2. Tools that provide information like databases

• cadd_exome (1.6.1) CADD is a tool for scoring the deleteriousness of single nucleotide variants as well as insertion/deletions variants in the human genome.

• gnomad_gene (2.2.1) Gene level population statistics from gnomAD

• pubmed (1.1.5) articles related to a particular gene

• clingen (1.0.1) - NIH-funded resource that defines the clinical relevance of genes and variants

• clinpred (1.0.0) - prediction tool to identify disease-relevant nonsynonymous single nucleotide variants

• clinvar (2021.10.01) - ClinVar is an archive of reports of the relationships among human variations and phenotypes, archive of interpretations of clinically relevant variants (Uncertain significance, Likely pathogenic, Pathogenic etc.)

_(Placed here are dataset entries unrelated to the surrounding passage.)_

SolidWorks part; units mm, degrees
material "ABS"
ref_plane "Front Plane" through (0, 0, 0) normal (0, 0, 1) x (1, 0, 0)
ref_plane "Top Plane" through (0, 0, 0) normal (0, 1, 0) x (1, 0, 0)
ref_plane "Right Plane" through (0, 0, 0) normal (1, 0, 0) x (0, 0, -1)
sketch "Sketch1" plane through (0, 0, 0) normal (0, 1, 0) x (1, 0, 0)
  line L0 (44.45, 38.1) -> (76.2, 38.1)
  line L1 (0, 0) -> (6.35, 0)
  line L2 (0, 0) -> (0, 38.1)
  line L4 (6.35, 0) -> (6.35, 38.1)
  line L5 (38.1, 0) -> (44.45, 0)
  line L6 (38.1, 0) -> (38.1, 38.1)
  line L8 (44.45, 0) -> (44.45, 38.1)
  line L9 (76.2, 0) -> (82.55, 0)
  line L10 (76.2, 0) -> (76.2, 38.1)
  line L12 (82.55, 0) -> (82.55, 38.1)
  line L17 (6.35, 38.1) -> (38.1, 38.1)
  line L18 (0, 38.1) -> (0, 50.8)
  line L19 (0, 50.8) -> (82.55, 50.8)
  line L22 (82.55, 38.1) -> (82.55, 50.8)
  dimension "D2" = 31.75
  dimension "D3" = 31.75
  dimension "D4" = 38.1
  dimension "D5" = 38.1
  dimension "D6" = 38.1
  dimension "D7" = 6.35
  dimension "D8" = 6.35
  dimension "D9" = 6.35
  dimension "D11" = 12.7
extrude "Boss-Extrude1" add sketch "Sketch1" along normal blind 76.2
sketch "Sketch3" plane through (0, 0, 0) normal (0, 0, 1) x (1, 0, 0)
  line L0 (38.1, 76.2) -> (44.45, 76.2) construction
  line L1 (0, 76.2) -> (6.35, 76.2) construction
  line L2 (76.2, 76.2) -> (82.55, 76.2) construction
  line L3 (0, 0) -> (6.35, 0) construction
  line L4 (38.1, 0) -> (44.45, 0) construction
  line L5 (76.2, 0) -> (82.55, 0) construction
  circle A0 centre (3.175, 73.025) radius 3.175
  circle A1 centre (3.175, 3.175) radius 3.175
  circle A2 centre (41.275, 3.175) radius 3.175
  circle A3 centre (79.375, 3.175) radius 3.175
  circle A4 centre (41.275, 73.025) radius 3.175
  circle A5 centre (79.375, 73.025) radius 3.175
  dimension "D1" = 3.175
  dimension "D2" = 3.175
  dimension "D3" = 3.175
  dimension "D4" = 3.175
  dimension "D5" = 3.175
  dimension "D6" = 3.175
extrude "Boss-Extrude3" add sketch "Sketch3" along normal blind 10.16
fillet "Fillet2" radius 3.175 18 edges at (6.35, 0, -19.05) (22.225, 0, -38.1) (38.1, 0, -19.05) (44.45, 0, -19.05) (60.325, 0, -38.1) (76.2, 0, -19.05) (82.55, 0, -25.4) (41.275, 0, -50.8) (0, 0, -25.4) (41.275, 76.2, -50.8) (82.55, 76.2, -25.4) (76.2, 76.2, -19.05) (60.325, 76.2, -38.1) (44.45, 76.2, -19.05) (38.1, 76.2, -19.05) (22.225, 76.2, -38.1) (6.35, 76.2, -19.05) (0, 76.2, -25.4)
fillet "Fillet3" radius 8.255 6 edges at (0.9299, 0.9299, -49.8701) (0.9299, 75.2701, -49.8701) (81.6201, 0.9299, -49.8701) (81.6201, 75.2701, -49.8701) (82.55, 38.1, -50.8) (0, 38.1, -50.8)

• mitomap (1.1.0) A human mitochondrial genome database

• ncbigene (2019.08.02) - gene descriptions from NCBI (National Center for Biotechnology Information)Gene database.

• omim (1.0.0) Catalog of human genes and genetic disorders and traits.

• prec (3.6.0)provides a database identifying rare and likely deleterious loss-of-function (LoF) alleles

• provean (1.0.0), tool which predicts whether an amino acid substitution or indel has an impact on the biological function of a protein

• revel (2020.12.02), ensemble method for predicting the pathogenicity of missense variants based on a combination of scores from 13 individual tools

• sift (1.2.0) predicts whether an amino acid substitution affects protein function based on sequence homology and the physical properties of amino acids

• GnomADD aggregating and harmonizing both exome and genome sequencing data from a wide variety of large-scale sequencing projects

• PharmGKB

• dbSNP

The most important annotators for us are ClinVar and dbSNP.